Drog is a dreggen. He lives in Dreggae Land and can speak only in rhyme. When Shannon and Grandma visit him he has a big lump on his head. Shannon and Grandma go on a wild adventure as they try to reduce the lump on Drog's head, so that he can go to a party later. Problem solved, Drog sings:
Give thanks!  Give thanks!
I’ll play no more pranks.
I’ll never again jump too high
to try to catch a butterfly.
Drog: A Dreggen Story is the first in a series of three books. The other two are:
• Seven Little Dreggenettes & One Deggae Dreggenling
•   Now We Don’t Have to Rhyme All of the Time

The environment of the Caribbean is perhaps the most important economic asset that is common to the region.  However, recent developments have led to a serious risk—one which imperils the natural picturesque beauty of the region.  Thus, the need arises to reach out to the children of Jamaica and the Caribbean with an impassioned plea to save the environment.   ‘Juicebox and Scandal’ is a collection of three exciting stories featuring colourful Jamaican characters and scenarios.  These stories stimulate the imagination and promote the worldwide message of environmental conservation and preservation.  Each story contains a distinct Caribbean flavour designed to attract children of varying ages, tastes and interests.

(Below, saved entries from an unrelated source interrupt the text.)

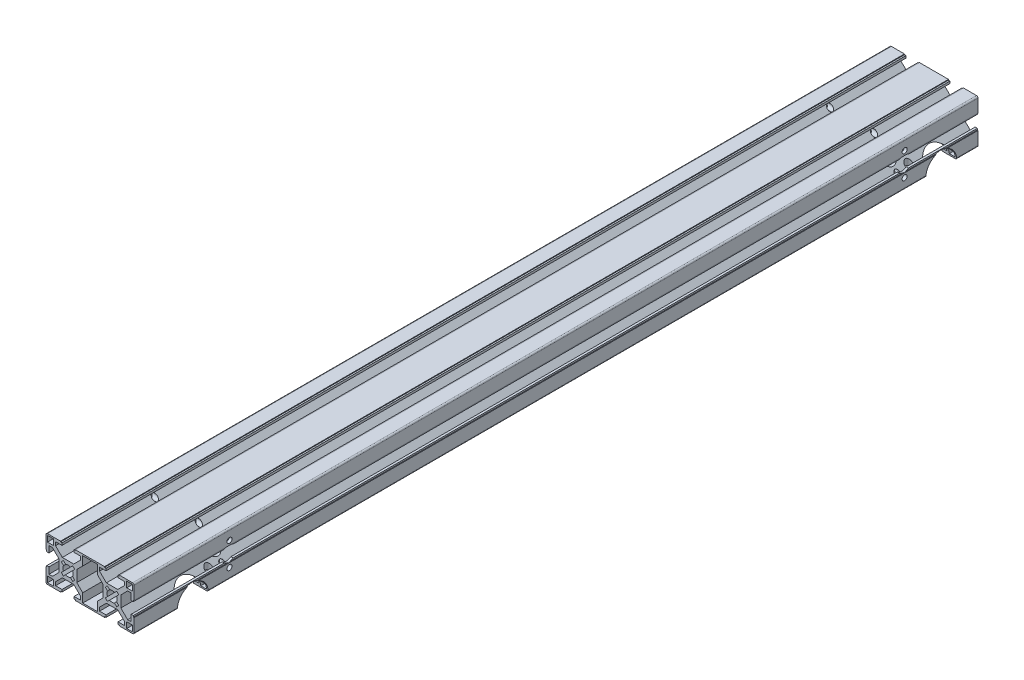
from build123d import *

# Parameters (mm, degrees)
ESBO_O1_W                      = 4
ESBO_O1_H                      = 4
RESSALTO_EXTRUS_O1_DEPTH       = 560
PADR_OCIRCULAR1_COUNT          = 4
PADR_O_LINEAR1_COUNT           = 2
PADR_O_LINEAR1_PITCH           = 30
PADR_O_LINEAR1_COPY_1_SKETCH_W = 4
PADR_O_LINEAR1_COPY_1_SKETCH_H = 4
PADR_O_LINEAR1_COPY_1_DEPTH    = 560
PADR_O_LINEAR1_COPY_2_SKETCH_W = 4
PADR_O_LINEAR1_COPY_2_SKETCH_H = 4
PADR_O_LINEAR1_COPY_2_DEPTH    = 560
PADR_O_LINEAR1_COPY_3_SKETCH_W = 4
PADR_O_LINEAR1_COPY_3_SKETCH_H = 4
PADR_O_LINEAR1_COPY_3_DEPTH    = 560
ESBO_O4_W                      = 10
ESBO_O4_H                      = 28
CORTE_EXTRUS_O1_DEPTH          = 563.005338053
FILETE1_R                      = 1
SKETCH1_R                      = 10.5
CUT_EXTRUDE1_DEPTH             = 563.517555282
SKETCH5_R                      = 4
SKETCH5_R_2                    = 1.75
CUT_EXTRUDE2_DEPTH             = 564.404827923
SKETCH6_R                      = 5.1
CUT_EXTRUDE3_DEPTH             = 10
SKETCH8_R                      = 2.5
CUT_EXTRUDE4_DEPTH             = 15
SKETCH9_W                      = 4
SKETCH9_H                      = 4
BOSS_EXTRUDE1_DEPTH            = 15


with BuildPart() as part:
    # Esboço1 → Ressalto-extrusão1 (new body)
    with BuildSketch(Plane.XY):
        with BuildLine():
            ThreePointArc((-1.664601464, 3.078815026), (-0.858529967, 3.393070335), (0, 3.5))
            Line((0, 3.5), (0, 6))
            Line((0, 6), (-3.878679656, 6))
            Line((-3.878679656, 6), (-8.5, 10.621320344))
            Line((-8.5, 10.621320344), (-8.5, 13))
            Line((-8.5, 13), (-4.1, 13))
            Line((-4.1, 13), (-4.1, 14.5))
            Line((-4.1, 14.5), (-5.1, 14.5))
            Line((-5.1, 14.5), (-5.1, 15))
            Line((-5.1, 15), (-15, 15))
            Line((-15, 15), (-15, 5.1))
            Line((-15, 5.1), (-14.5, 5.1))
            Line((-14.5, 5.1), (-14.5, 4.1))
            Line((-14.5, 4.1), (-13, 4.1))
            Line((-13, 4.1), (-13, 8.5))
            Line((-13, 8.5), (-10.621320344, 8.5))
            Line((-10.621320344, 8.5), (-6, 3.878679656))
            Line((-6, 3.878679656), (-6, 0))
            Line((-6, 0), (-3.5, 0))
            ThreePointArc((-3.5, 0), (-3.393070335, 0.858529967), (-3.078815026, 1.664601464))
            Line((-3.078815026, 1.664601464), (-4.596194078, 3.181980515))
            Line((-4.596194078, 3.181980515), (-3.181980515, 4.596194078))
            Line((-3.181980515, 4.596194078), (-1.664601464, 3.078815026))
        make_face()
        with Locations((-12, 12)):
            Rectangle(ESBO_O1_W, ESBO_O1_H, mode=Mode.SUBTRACT)
    ressalto_extrus_o1 = extrude(amount=RESSALTO_EXTRUS_O1_DEPTH)

    # PadrãoCircular1: Ressalto-extrusão1 ×4 about axis
    padr_ocircular1_axis = Axis((0, 0, 0), (0, 0, 1))
    for i in range(1, PADR_OCIRCULAR1_COUNT):
        add(ressalto_extrus_o1.rotate(padr_ocircular1_axis, i * 360 / PADR_OCIRCULAR1_COUNT))

    # Padrão linear1: Ressalto-extrusão1 ×2
    with Locations(*[(i * PADR_O_LINEAR1_PITCH, 0, 0) for i in range(1, PADR_O_LINEAR1_COUNT)]):
        add(ressalto_extrus_o1)

    # Padrão linear1 copy 1 sketch → Padrão linear1 copy 1 (add)
    with BuildSketch(Plane(origin=(30, 0, 0), x_dir=(0, 1, 0), z_dir=(0, 0, 1))):
        with BuildLine():
            ThreePointArc((-1.664601464, 3.078815026), (-0.858529967, 3.393070335), (0, 3.5))
            Line((0, 3.5), (0, 6))
            Line((0, 6), (-3.878679656, 6))
            Line((-3.878679656, 6), (-8.5, 10.621320344))
            Line((-8.5, 10.621320344), (-8.5, 13))
            Line((-8.5, 13), (-4.1, 13))
            Line((-4.1, 13), (-4.1, 14.5))
            Line((-4.1, 14.5), (-5.1, 14.5))
            Line((-5.1, 14.5), (-5.1, 15))
            Line((-5.1, 15), (-15, 15))
            Line((-15, 15), (-15, 5.1))
            Line((-15, 5.1), (-14.5, 5.1))
            Line((-14.5, 5.1), (-14.5, 4.1))
            Line((-14.5, 4.1), (-13, 4.1))
            Line((-13, 4.1), (-13, 8.5))
            Line((-13, 8.5), (-10.621320344, 8.5))
            Line((-10.621320344, 8.5), (-6, 3.878679656))
            Line((-6, 3.878679656), (-6, 0))
            Line((-6, 0), (-3.5, 0))
            ThreePointArc((-3.5, 0), (-3.393070335, 0.858529967), (-3.078815026, 1.664601464))
            Line((-3.078815026, 1.664601464), (-4.596194078, 3.181980515))
            Line((-4.596194078, 3.181980515), (-3.181980515, 4.596194078))
            Line((-3.181980515, 4.596194078), (-1.664601464, 3.078815026))
        make_face()
        with Locations((-12, 12)):
            Rectangle(PADR_O_LINEAR1_COPY_1_SKETCH_W, PADR_O_LINEAR1_COPY_1_SKETCH_H, mode=Mode.SUBTRACT)
    extrude(amount=PADR_O_LINEAR1_COPY_1_DEPTH)

    # Padrão linear1 copy 2 sketch → Padrão linear1 copy 2 (add)
    with BuildSketch(Plane(origin=(30, 0, 0), x_dir=(-1, 0, 0), z_dir=(0, 0, 1))):
        with BuildLine():
            ThreePointArc((-1.664601464, 3.078815026), (-0.858529967, 3.393070335), (0, 3.5))
            Line((0, 3.5), (0, 6))
            Line((0, 6), (-3.878679656, 6))
            Line((-3.878679656, 6), (-8.5, 10.621320344))
            Line((-8.5, 10.621320344), (-8.5, 13))
            Line((-8.5, 13), (-4.1, 13))
            Line((-4.1, 13), (-4.1, 14.5))
            Line((-4.1, 14.5), (-5.1, 14.5))
            Line((-5.1, 14.5), (-5.1, 15))
            Line((-5.1, 15), (-15, 15))
            Line((-15, 15), (-15, 5.1))
            Line((-15, 5.1), (-14.5, 5.1))
            Line((-14.5, 5.1), (-14.5, 4.1))
            Line((-14.5, 4.1), (-13, 4.1))
            Line((-13, 4.1), (-13, 8.5))
            Line((-13, 8.5), (-10.621320344, 8.5))
            Line((-10.621320344, 8.5), (-6, 3.878679656))
            Line((-6, 3.878679656), (-6, 0))
            Line((-6, 0), (-3.5, 0))
            ThreePointArc((-3.5, 0), (-3.393070335, 0.858529967), (-3.078815026, 1.664601464))
            Line((-3.078815026, 1.664601464), (-4.596194078, 3.181980515))
            Line((-4.596194078, 3.181980515), (-3.181980515, 4.596194078))
            Line((-3.181980515, 4.596194078), (-1.664601464, 3.078815026))
        make_face()
        with Locations((-12, 12)):
            Rectangle(PADR_O_LINEAR1_COPY_2_SKETCH_W, PADR_O_LINEAR1_COPY_2_SKETCH_H, mode=Mode.SUBTRACT)
    extrude(amount=PADR_O_LINEAR1_COPY_2_DEPTH)

    # Padrão linear1 copy 3 sketch → Padrão linear1 copy 3 (add)
    with BuildSketch(Plane(origin=(30, 0, 0), x_dir=(0, -1, 0), z_dir=(0, 0, 1))):
        with BuildLine():
            ThreePointArc((-1.664601464, 3.078815026), (-0.858529967, 3.393070335), (0, 3.5))
            Line((0, 3.5), (0, 6))
            Line((0, 6), (-3.878679656, 6))
            Line((-3.878679656, 6), (-8.5, 10.621320344))
            Line((-8.5, 10.621320344), (-8.5, 13))
            Line((-8.5, 13), (-4.1, 13))
            Line((-4.1, 13), (-4.1, 14.5))
            Line((-4.1, 14.5), (-5.1, 14.5))
            Line((-5.1, 14.5), (-5.1, 15))
            Line((-5.1, 15), (-15, 15))
            Line((-15, 15), (-15, 5.1))
            Line((-15, 5.1), (-14.5, 5.1))
            Line((-14.5, 5.1), (-14.5, 4.1))
            Line((-14.5, 4.1), (-13, 4.1))
            Line((-13, 4.1), (-13, 8.5))
            Line((-13, 8.5), (-10.621320344, 8.5))
            Line((-10.621320344, 8.5), (-6, 3.878679656))
            Line((-6, 3.878679656), (-6, 0))
            Line((-6, 0), (-3.5, 0))
            ThreePointArc((-3.5, 0), (-3.393070335, 0.858529967), (-3.078815026, 1.664601464))
            Line((-3.078815026, 1.664601464), (-4.596194078, 3.181980515))
            Line((-4.596194078, 3.181980515), (-3.181980515, 4.596194078))
            Line((-3.181980515, 4.596194078), (-1.664601464, 3.078815026))
        make_face()
        with Locations((-12, 12)):
            Rectangle(PADR_O_LINEAR1_COPY_3_SKETCH_W, PADR_O_LINEAR1_COPY_3_SKETCH_H, mode=Mode.SUBTRACT)
    extrude(amount=PADR_O_LINEAR1_COPY_3_DEPTH)

    # Esboço4 → Corte-extrusão1 (cut, through all)
    with BuildSketch(Plane(origin=(0, 0, 0), x_dir=(-1, 0, 0), z_dir=(0, 0, -1))):
        with Locations((-15, 0)):
            Rectangle(ESBO_O4_W, ESBO_O4_H)
    extrude(amount=-CORTE_EXTRUS_O1_DEPTH, mode=Mode.SUBTRACT)

    # Filete1
    filete1_edges = [part.edges().sort_by_distance(p)[0] for p in [
        (45, -15, 280),
        (45, 15, 280),
        (-15, 15, 280),
        (-15, -15, 280),
    ]]
    fillet(filete1_edges, radius=FILETE1_R)

    # Sketch1 → Cut-Extrude1 (cut, symmetric)
    with BuildSketch(Plane.ZY.offset(6)):
        with Locations((25, -15)):
            Circle(SKETCH1_R)
    cut_extrude1 = extrude(amount=CUT_EXTRUDE1_DEPTH, both=True, mode=Mode.SUBTRACT)

    # Mirror1: Cut-Extrude1 across plane
    add(cut_extrude1.mirror(Plane.XY.offset(280)), mode=Mode.SUBTRACT)

    # Sketch5 → Cut-Extrude2 (cut, through all)
    with BuildSketch(Plane.ZY.offset(15)):
        with Locations(Location((50, 0, 0), (0, 0, 255.852546084))):
            Circle(SKETCH5_R)
        with Locations(Location((50, -8, 0), (0, 0, 270))):
            Circle(SKETCH5_R_2)
        with Locations(Location((42, 0, 0), (0, 0, 252.026778114))):
            Circle(SKETCH5_R_2)
        with Locations(Location((50, 8, 0), (0, 0, 270))):
            Circle(SKETCH5_R_2)
        with Locations(Location((58, 0, 0), (0, 0, 252.026778114))):
            Circle(SKETCH5_R_2)
        with Locations(Location((502, 0, 0), (0, 0, 252.026778114))):
            Circle(SKETCH5_R_2)
        with Locations(Location((510, 8, 0), (0, 0, 270))):
            Circle(SKETCH5_R_2)
        with Locations(Location((518, 0, 0), (0, 0, 252.026778114))):
            Circle(SKETCH5_R_2)
        with Locations(Location((510, -8, 0), (0, 0, 90))):
            Circle(SKETCH5_R_2)
        with Locations(Location((510, 0, 0), (0, 0, 284.147453916))):
            Circle(SKETCH5_R)
    extrude(amount=-CUT_EXTRUDE2_DEPTH, mode=Mode.SUBTRACT)

    # Sketch6 → Cut-Extrude3 (cut)
    with BuildSketch(Plane.ZY.offset(15)):
        with Locations(Location((50, 0, 0), (0, 0, 270))):
            Circle(SKETCH6_R)
        with Locations(Location((510, 0, 0), (0, 0, 229.510539923))):
            Circle(SKETCH6_R)
    cut_extrude3 = extrude(amount=-CUT_EXTRUDE3_DEPTH, mode=Mode.SUBTRACT)

    # Mirror2: Cut-Extrude3 across plane
    add(cut_extrude3.mirror(Plane.ZY.offset(-15)), mode=Mode.SUBTRACT)

    # Sketch8 → Cut-Extrude4 (cut)
    with BuildSketch(Plane.XZ.offset(15)):
        with Locations(Location((-9.55, 518.5, 0), (0, 0, 270))):
            Circle(SKETCH8_R)
        with Locations(Location((9.55, 518.5, 0), (0, 0, 270))):
            Circle(SKETCH8_R)
        with Locations(Location((20.45, 518.5, 0), (0, 0, 270))):
            Circle(SKETCH8_R)
        with Locations(Location((39.55, 518.5, 0), (0, 0, 270))):
            Circle(SKETCH8_R)
        with Locations(Location((-9.55, 41.5, 0), (0, 0, 244.625811743))):
            Circle(SKETCH8_R)
        with Locations(Location((9.55, 41.5, 0), (0, 0, 280.369759805))):
            Circle(SKETCH8_R)
        with Locations(Location((20.45, 41.5, 0), (0, 0, 259.630240195))):
            Circle(SKETCH8_R)
        with Locations(Location((39.55, 41.5, 0), (0, 0, 295.374188257))):
            Circle(SKETCH8_R)
    extrude(amount=-CUT_EXTRUDE4_DEPTH, mode=Mode.SUBTRACT)

    # Sketch9 → Boss-Extrude1 (add)
    with BuildSketch(Plane.XY.offset(560)):
        with BuildLine():
            Line((44, 15), (35.1, 15))
            Line((35.1, 15), (35.1, 14.5))
            Line((35.1, 14.5), (34.1, 14.5))
            Line((34.1, 14.5), (34.1, 13))
            Line((34.1, 13), (38.5, 13))
            Line((38.5, 13), (38.5, 10.621320344))
            Line((38.5, 10.621320344), (33.878679656, 6))
            Line((33.878679656, 6), (26.121320344, 6))
            Line((26.121320344, 6), (21.5, 10.621320344))
            Line((21.5, 10.621320344), (21.5, 13))
            Line((21.5, 13), (25.9, 13))
            Line((25.9, 13), (25.9, 14.5))
            Line((25.9, 14.5), (24.9, 14.5))
            Line((24.9, 14.5), (24.9, 15))
            Line((24.9, 15), (5.1, 15))
            Line((5.1, 15), (5.1, 14.5))
            Line((5.1, 14.5), (4.1, 14.5))
            Line((4.1, 14.5), (4.1, 13))
            Line((4.1, 13), (8.5, 13))
            Line((8.5, 13), (8.5, 10.621320344))
            Line((8.5, 10.621320344), (3.878679656, 6))
            Line((3.878679656, 6), (-3.878679656, 6))
            Line((-3.878679656, 6), (-8.5, 10.621320344))
            Line((-8.5, 10.621320344), (-8.5, 13))
            Line((-8.5, 13), (-4.1, 13))
            Line((-4.1, 13), (-4.1, 14.5))
            Line((-4.1, 14.5), (-5.1, 14.5))
            Line((-5.1, 14.5), (-5.1, 15))
            Line((-5.1, 15), (-14, 15))
            ThreePointArc((-14, 15), (-14.707106781, 14.707106781), (-15, 14))
            Line((-15, 14), (-15, 5.1))
            Line((-15, 5.1), (-14.5, 5.1))
            Line((-14.5, 5.1), (-14.5, 4.1))
            Line((-14.5, 4.1), (-13, 4.1))
            Line((-13, 4.1), (-13, 8.5))
            Line((-13, 8.5), (-10.621320344, 8.5))
            Line((-10.621320344, 8.5), (-6, 3.878679656))
            Line((-6, 3.878679656), (-6, -3.878679656))
            Line((-6, -3.878679656), (-10.621320344, -8.5))
            Line((-10.621320344, -8.5), (-13, -8.5))
            Line((-13, -8.5), (-13, -4.1))
            Line((-13, -4.1), (-14.5, -4.1))
            Line((-14.5, -4.1), (-14.5, -5.1))
            Line((-14.5, -5.1), (-15, -5.1))
            Line((-15, -5.1), (-15, -14))
            ThreePointArc((-15, -14), (-14.707106781, -14.707106781), (-14, -15))
            Line((-14, -15), (-5.1, -15))
            Line((-5.1, -15), (-5.1, -14.5))
            Line((-5.1, -14.5), (-4.1, -14.5))
            Line((-4.1, -14.5), (-4.1, -13))
            Line((-4.1, -13), (-8.5, -13))
            Line((-8.5, -13), (-8.5, -10.621320344))
            Line((-8.5, -10.621320344), (-3.878679656, -6))
            Line((-3.878679656, -6), (3.878679656, -6))
            Line((3.878679656, -6), (8.5, -10.621320344))
            Line((8.5, -10.621320344), (8.5, -13))
            Line((8.5, -13), (4.1, -13))
            Line((4.1, -13), (4.1, -14.5))
            Line((4.1, -14.5), (5.1, -14.5))
            Line((5.1, -14.5), (5.1, -15))
            Line((5.1, -15), (24.9, -15))
            Line((24.9, -15), (24.9, -14.5))
            Line((24.9, -14.5), (25.9, -14.5))
            Line((25.9, -14.5), (25.9, -13))
            Line((25.9, -13), (21.5, -13))
            Line((21.5, -13), (21.5, -10.621320344))
            Line((21.5, -10.621320344), (26.121320344, -6))
            Line((26.121320344, -6), (33.878679656, -6))
            Line((33.878679656, -6), (38.5, -10.621320344))
            Line((38.5, -10.621320344), (38.5, -13))
            Line((38.5, -13), (34.1, -13))
            Line((34.1, -13), (34.1, -14.5))
            Line((34.1, -14.5), (35.1, -14.5))
            Line((35.1, -14.5), (35.1, -15))
            Line((35.1, -15), (44, -15))
            ThreePointArc((44, -15), (44.707106781, -14.707106781), (45, -14))
            Line((45, -14), (45, -5.1))
            Line((45, -5.1), (44.5, -5.1))
            Line((44.5, -5.1), (44.5, -4.1))
            Line((44.5, -4.1), (43, -4.1))
            Line((43, -4.1), (43, -8.5))
            Line((43, -8.5), (40.621320344, -8.5))
            Line((40.621320344, -8.5), (36, -3.878679656))
            Line((36, -3.878679656), (36, 3.878679656))
            Line((36, 3.878679656), (40.621320344, 8.5))
            Line((40.621320344, 8.5), (43, 8.5))
            Line((43, 8.5), (43, 4.1))
            Line((43, 4.1), (44.5, 4.1))
            Line((44.5, 4.1), (44.5, 5.1))
            Line((44.5, 5.1), (45, 5.1))
            Line((45, 5.1), (45, 14))
            ThreePointArc((45, 14), (44.707106781, 14.707106781), (44, 15))
        make_face()
        with BuildLine():
            ThreePointArc((33.078815026, 1.664601464), (33.5, 0), (33.078815026, -1.664601464))
            Line((33.078815026, -1.664601464), (34.596194078, -3.181980515))
            Line((34.596194078, -3.181980515), (33.181980515, -4.596194078))
            Line((33.181980515, -4.596194078), (31.664601464, -3.078815026))
            ThreePointArc((31.664601464, -3.078815026), (30, -3.5), (28.335398536, -3.078815026))
            Line((28.335398536, -3.078815026), (26.818019485, -4.596194078))
            Line((26.818019485, -4.596194078), (25.403805922, -3.181980515))
            Line((25.403805922, -3.181980515), (26.921184974, -1.664601464))
            ThreePointArc((26.921184974, -1.664601464), (26.5, 0), (26.921184974, 1.664601464))
            Line((26.921184974, 1.664601464), (25.403805922, 3.181980515))
            Line((25.403805922, 3.181980515), (26.818019485, 4.596194078))
            Line((26.818019485, 4.596194078), (28.335398536, 3.078815026))
            ThreePointArc((28.335398536, 3.078815026), (30, 3.5), (31.664601464, 3.078815026))
            Line((31.664601464, 3.078815026), (33.181980515, 4.596194078))
            Line((33.181980515, 4.596194078), (34.596194078, 3.181980515))
            Line((34.596194078, 3.181980515), (33.078815026, 1.664601464))
        make_face(mode=Mode.SUBTRACT)
        Polygon((24, 3.878679656), (24, -3.878679656), (20, -7.878679656), (20, -14), (10, -14), (10, -7.878679656), (6, -3.878679656), (6, 3.878679656), (10, 7.878679656), (10, 14), (20, 14), (20, 7.878679656), align=None, mode=Mode.SUBTRACT)
        with BuildLine():
            ThreePointArc((3.078815026, 1.664601464), (3.5, 0), (3.078815026, -1.664601464))
            Line((3.078815026, -1.664601464), (4.596194078, -3.181980515))
            Line((4.596194078, -3.181980515), (3.181980515, -4.596194078))
            Line((3.181980515, -4.596194078), (1.664601464, -3.078815026))
            ThreePointArc((1.664601464, -3.078815026), (-0.000381607, -3.499999979), (-1.665272795, -3.078451968))
            Line((-1.665272795, -3.078451968), (-3.181980515, -4.596194078))
            Line((-3.181980515, -4.596194078), (-4.596194078, -3.181980515))
            Line((-4.596194078, -3.181980515), (-3.078815026, -1.664601464))
            ThreePointArc((-3.078815026, -1.664601464), (-3.5, 0), (-3.078815026, 1.664601464))
            Line((-3.078815026, 1.664601464), (-4.596194078, 3.181980515))
            Line((-4.596194078, 3.181980515), (-3.181980515, 4.596194078))
            Line((-3.181980515, 4.596194078), (-1.664601464, 3.078815026))
            ThreePointArc((-1.664601464, 3.078815026), (0, 3.5), (1.664601464, 3.078815026))
            Line((1.664601464, 3.078815026), (3.181980515, 4.596194078))
            Line((3.181980515, 4.596194078), (4.596194078, 3.181980515))
            Line((4.596194078, 3.181980515), (3.078815026, 1.664601464))
        make_face(mode=Mode.SUBTRACT)
        with Locations((-12, 12)):
            Rectangle(SKETCH9_W, SKETCH9_H, mode=Mode.SUBTRACT)
        with Locations((42, 12)):
            Rectangle(SKETCH9_W, SKETCH9_H, mode=Mode.SUBTRACT)
        with Locations((42, -12)):
            Rectangle(SKETCH9_W, SKETCH9_H, mode=Mode.SUBTRACT)
        with Locations((-12, -12)):
            Rectangle(SKETCH9_W, SKETCH9_H, mode=Mode.SUBTRACT)
    extrude(amount=BOSS_EXTRUDE1_DEPTH)


solid = part.part

 RAMGOAT DASHALONG is the name of a 'bush' used to make tea in Jamaica. In the title story Errol's grandmother, Ganje, makes tea with seven kinds of bushes to help them through their early morning dangerous journey in one of Kingston's inner city areas. Every morning they drink this tea with surprising results. Things go well for a time, but one morning Ganje doesn't have one of the recommended 'bushes' and makes the tea with only six of them. The result is both terrifying and amusing. The stories in this collection deal with the special divide between what we call reality and the surreal. The dividing line is sometimes obscure and so we talk of magic. Magic means different things to different people. Many traditional Caribbean stories deal with 'bad' magic- obeah and so on, and some have really devilish and frightening characters. I was interested in bringing magic into the world of the modern child who perhaps has a different definiton (or no definition ) of magic. The children in these stories are ordinary, everyday children caught up in expereinces which beg the question - what really happened?

Jamaican stories from country life and city life, drawn on the author’s experiences and the stories told to her as a child.